I see there an ERROR on stopMonitoringDomain but I cannot see the correspondent startMonitoringDomain; could you please look for it?
On Fri, Feb 3, 2017 at 1:16 PM, Ralf Schenk <rs@databay.de <mailto:rs@databay.de>> wrote:
Hello,
attached is my vdsm.log from the host with hosted-engine-ha around the time-frame of agent timeout that is not working anymore for engine (it works in Ovirt and is active). It simply isn't working for engine-ha anymore after Update.

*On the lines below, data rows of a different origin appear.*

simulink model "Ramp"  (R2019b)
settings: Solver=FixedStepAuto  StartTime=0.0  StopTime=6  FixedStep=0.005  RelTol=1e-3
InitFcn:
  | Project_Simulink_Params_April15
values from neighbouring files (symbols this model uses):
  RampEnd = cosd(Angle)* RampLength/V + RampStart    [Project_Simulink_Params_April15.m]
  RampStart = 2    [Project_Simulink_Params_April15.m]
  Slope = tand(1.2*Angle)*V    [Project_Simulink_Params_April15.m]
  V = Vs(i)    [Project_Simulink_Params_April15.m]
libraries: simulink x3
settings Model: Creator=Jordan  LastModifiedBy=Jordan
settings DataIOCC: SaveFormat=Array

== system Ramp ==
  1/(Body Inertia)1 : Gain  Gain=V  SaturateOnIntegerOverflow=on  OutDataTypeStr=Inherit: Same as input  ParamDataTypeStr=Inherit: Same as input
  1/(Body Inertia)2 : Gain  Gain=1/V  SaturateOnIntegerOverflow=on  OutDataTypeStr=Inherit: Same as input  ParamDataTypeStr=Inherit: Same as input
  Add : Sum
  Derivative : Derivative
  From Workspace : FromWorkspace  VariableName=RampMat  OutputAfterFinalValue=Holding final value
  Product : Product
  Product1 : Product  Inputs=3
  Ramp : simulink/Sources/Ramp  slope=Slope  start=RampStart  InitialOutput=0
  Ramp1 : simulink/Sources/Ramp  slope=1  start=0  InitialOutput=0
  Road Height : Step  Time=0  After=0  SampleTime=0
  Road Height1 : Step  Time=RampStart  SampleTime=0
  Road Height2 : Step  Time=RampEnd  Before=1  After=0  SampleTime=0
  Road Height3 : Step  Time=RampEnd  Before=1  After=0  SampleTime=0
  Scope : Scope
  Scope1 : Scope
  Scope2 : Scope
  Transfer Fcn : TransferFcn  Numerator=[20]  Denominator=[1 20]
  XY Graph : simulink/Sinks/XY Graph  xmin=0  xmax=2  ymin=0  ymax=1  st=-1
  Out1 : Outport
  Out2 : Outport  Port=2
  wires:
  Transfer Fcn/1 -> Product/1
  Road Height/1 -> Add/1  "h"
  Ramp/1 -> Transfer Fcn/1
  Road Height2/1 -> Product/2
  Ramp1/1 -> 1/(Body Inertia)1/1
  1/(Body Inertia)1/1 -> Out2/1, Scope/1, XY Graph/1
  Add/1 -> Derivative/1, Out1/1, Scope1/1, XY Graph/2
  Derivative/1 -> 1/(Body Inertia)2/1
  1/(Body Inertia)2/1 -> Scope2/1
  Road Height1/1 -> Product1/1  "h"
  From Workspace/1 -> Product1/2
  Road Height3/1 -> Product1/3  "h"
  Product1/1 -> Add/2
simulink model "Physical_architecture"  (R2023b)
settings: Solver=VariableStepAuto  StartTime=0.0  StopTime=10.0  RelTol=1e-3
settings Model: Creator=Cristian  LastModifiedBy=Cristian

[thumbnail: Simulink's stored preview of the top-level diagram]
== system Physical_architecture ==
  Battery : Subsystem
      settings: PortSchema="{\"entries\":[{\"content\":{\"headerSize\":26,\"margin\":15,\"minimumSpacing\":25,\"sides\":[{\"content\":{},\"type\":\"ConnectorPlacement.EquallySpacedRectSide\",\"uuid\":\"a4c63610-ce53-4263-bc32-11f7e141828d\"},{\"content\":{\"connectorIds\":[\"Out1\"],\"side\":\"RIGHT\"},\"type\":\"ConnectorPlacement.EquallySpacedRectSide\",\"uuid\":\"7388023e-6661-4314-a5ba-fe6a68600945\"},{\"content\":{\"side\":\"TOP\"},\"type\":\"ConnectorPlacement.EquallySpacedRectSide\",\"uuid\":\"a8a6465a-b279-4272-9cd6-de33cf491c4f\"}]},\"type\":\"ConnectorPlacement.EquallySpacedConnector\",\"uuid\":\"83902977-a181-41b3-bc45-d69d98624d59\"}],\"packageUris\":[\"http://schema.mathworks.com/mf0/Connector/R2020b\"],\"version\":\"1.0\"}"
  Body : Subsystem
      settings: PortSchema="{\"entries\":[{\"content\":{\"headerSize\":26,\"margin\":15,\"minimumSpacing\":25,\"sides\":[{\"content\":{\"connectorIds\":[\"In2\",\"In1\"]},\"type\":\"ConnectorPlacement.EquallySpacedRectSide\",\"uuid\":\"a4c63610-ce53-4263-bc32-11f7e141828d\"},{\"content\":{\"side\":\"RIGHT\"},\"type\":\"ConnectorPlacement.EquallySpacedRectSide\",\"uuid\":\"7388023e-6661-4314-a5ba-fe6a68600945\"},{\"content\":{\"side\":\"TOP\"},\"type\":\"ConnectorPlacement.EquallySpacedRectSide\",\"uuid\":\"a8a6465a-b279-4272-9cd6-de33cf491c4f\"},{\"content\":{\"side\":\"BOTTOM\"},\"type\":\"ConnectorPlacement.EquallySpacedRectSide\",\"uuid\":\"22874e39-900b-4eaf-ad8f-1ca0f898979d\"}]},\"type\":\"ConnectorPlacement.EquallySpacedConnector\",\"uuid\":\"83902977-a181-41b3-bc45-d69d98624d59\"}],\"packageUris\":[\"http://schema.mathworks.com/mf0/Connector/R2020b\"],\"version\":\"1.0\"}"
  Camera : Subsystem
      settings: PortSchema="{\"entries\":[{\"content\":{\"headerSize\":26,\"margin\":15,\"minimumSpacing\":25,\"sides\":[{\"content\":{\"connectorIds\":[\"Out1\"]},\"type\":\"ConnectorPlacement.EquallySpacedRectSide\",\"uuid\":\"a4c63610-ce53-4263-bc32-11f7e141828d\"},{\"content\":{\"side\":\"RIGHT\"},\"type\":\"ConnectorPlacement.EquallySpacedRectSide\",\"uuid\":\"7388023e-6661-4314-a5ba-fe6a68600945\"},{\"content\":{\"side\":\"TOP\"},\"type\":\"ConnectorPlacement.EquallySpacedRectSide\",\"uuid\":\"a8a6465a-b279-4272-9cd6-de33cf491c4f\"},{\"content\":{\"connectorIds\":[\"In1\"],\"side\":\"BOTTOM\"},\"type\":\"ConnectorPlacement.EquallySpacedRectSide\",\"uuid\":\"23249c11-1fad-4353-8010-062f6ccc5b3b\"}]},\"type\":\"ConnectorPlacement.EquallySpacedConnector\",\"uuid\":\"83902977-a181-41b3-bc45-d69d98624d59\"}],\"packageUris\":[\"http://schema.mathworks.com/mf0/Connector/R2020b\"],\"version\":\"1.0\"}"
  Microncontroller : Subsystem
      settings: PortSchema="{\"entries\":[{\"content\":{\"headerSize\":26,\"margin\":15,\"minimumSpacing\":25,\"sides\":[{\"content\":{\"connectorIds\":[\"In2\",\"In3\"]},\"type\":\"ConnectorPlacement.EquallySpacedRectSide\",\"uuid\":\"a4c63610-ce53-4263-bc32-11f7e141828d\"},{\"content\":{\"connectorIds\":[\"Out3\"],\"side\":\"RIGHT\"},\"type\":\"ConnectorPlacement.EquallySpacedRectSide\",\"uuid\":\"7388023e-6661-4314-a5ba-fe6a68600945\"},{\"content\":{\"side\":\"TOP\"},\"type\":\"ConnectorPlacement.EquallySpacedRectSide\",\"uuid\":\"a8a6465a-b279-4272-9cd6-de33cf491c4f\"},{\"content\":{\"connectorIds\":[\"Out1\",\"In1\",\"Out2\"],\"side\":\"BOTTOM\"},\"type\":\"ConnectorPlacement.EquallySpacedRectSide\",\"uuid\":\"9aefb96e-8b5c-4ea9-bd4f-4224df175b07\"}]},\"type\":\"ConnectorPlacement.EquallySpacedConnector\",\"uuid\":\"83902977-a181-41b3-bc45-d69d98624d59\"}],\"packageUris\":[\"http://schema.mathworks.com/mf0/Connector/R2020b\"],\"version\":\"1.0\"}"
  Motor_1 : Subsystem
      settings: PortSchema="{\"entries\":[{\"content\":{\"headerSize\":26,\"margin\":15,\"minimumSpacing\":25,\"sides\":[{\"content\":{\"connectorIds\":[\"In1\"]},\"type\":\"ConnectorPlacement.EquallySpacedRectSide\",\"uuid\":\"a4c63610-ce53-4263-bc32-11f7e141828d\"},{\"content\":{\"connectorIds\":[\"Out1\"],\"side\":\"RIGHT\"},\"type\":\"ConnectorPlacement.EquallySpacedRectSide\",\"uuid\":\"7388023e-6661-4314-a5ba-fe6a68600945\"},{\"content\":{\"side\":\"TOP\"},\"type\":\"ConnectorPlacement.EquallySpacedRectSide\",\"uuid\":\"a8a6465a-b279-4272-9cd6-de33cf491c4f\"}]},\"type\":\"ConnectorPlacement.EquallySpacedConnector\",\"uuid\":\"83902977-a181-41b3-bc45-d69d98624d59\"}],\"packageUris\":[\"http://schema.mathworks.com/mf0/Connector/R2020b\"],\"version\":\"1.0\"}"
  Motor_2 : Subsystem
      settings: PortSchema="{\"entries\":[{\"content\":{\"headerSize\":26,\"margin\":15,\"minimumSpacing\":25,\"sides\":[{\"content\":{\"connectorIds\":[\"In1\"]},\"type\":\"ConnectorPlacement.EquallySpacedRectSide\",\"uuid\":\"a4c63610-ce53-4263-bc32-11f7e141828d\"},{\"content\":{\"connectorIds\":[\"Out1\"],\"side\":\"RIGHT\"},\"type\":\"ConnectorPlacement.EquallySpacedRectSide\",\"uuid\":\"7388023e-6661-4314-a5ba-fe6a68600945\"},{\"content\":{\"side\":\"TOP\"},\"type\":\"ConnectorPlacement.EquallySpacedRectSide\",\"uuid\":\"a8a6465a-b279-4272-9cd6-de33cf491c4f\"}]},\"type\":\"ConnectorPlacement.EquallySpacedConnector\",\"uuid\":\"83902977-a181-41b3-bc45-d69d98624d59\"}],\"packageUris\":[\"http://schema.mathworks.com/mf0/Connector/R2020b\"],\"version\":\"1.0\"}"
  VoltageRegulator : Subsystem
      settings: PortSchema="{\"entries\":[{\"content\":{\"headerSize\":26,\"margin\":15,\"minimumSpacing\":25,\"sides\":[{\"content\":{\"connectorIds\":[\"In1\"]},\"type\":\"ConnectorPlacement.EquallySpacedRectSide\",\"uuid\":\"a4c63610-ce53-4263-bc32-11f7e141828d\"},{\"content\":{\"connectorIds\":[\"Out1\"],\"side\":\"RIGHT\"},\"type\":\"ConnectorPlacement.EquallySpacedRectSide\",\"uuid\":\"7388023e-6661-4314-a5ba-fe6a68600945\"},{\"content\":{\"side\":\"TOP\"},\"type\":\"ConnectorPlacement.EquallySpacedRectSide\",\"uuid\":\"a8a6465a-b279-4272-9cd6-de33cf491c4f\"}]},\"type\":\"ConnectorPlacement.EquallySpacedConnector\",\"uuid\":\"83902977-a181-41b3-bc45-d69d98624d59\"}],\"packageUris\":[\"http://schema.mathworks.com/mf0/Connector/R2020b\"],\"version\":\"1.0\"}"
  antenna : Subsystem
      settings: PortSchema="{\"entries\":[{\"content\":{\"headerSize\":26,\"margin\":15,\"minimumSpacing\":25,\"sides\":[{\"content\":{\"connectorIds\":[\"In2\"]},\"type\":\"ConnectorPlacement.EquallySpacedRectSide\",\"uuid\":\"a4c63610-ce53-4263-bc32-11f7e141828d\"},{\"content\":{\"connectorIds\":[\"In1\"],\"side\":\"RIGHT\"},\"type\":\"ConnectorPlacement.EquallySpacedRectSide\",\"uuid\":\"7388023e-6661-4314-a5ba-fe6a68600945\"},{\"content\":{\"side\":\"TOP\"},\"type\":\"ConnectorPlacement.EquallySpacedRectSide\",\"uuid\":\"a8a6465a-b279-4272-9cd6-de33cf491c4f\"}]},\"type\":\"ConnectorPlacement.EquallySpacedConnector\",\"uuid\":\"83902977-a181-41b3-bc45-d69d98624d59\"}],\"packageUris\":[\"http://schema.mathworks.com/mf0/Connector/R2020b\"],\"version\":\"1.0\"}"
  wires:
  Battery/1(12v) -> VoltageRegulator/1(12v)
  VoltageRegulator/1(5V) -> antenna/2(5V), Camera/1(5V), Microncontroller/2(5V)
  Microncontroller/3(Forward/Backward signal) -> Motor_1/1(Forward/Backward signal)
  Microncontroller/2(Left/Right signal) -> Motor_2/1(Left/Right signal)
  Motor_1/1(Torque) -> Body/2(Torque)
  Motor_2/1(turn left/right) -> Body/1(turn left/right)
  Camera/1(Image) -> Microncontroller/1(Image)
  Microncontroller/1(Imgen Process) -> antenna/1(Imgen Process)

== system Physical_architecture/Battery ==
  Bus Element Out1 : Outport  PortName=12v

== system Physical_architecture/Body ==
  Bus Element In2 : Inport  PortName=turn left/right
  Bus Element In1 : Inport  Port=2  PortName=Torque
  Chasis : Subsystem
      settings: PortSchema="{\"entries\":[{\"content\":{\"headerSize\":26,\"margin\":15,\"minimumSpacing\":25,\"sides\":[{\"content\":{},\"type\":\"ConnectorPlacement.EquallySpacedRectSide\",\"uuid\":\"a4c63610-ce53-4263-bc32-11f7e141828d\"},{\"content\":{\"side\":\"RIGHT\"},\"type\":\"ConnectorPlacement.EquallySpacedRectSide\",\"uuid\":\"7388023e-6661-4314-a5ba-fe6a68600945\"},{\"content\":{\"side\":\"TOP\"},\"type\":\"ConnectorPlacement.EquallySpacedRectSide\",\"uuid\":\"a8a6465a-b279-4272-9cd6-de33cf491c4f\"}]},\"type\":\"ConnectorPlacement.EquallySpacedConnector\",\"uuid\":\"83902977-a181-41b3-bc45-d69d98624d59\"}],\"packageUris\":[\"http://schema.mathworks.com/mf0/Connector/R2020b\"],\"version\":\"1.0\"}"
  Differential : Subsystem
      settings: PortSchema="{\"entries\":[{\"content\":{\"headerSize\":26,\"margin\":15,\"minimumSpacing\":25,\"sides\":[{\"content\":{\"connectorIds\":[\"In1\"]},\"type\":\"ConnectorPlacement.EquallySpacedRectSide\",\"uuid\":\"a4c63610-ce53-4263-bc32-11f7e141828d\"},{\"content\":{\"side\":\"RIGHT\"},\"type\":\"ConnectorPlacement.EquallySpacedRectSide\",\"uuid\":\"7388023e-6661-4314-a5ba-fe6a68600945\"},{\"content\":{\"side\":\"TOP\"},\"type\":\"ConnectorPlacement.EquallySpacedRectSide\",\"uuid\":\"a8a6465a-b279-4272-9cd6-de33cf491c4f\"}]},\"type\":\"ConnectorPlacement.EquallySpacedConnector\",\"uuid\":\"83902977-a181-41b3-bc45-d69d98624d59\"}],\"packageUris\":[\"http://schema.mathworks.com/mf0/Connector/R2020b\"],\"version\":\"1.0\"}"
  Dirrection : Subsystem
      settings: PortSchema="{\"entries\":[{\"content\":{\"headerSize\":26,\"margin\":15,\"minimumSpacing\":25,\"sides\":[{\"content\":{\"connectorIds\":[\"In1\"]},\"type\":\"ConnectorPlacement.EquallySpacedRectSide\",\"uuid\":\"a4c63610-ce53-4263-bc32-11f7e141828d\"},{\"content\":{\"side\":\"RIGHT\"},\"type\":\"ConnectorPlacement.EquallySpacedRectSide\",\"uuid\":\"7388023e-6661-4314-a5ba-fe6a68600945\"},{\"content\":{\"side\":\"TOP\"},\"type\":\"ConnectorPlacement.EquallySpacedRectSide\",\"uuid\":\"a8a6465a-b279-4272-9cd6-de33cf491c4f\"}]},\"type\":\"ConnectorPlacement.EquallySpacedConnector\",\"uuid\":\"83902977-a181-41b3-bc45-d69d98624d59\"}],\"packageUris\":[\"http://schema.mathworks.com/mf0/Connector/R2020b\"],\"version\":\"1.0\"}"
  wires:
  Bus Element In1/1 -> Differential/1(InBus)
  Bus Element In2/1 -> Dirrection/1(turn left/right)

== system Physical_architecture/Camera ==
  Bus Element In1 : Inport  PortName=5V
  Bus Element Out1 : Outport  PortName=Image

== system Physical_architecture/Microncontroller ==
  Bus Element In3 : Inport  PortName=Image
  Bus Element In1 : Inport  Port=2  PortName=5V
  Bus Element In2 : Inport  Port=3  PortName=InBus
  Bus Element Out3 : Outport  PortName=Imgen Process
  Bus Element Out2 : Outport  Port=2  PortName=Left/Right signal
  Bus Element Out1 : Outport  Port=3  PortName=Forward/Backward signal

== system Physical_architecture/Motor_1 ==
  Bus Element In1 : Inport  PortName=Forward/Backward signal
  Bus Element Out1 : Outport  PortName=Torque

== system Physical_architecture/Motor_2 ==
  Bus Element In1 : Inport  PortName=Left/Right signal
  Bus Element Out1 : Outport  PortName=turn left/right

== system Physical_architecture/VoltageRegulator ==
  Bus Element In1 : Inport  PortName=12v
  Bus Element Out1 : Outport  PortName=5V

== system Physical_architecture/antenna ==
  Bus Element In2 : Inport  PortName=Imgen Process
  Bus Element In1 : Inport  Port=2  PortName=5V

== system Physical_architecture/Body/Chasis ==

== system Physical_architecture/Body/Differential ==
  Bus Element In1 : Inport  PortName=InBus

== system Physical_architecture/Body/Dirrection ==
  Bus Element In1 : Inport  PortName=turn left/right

At 2017-02-02 19:25:34,248 you'll find an error corresponoding to agent timeout error.
Bye
Am 03.02.2017 um 11:28 schrieb Simone Tiraboschi:
3. Three of my hosts have the hosted engine deployed for ha. First all three where marked by a crown (running was gold and others where silver). After upgrading the 3 Host deployed hosted engine ha is not active anymore.
I can't get this host back with working ovirt-ha-agent/broker. I already rebooted, manually restarted the services but It isn't able to get cluster state according to "hosted-engine --vm-status". The other hosts state the host status as "unknown stale-data"
I already shut down all agents on all hosts and issued a "hosted-engine --reinitialize-lockspace" but that didn't help.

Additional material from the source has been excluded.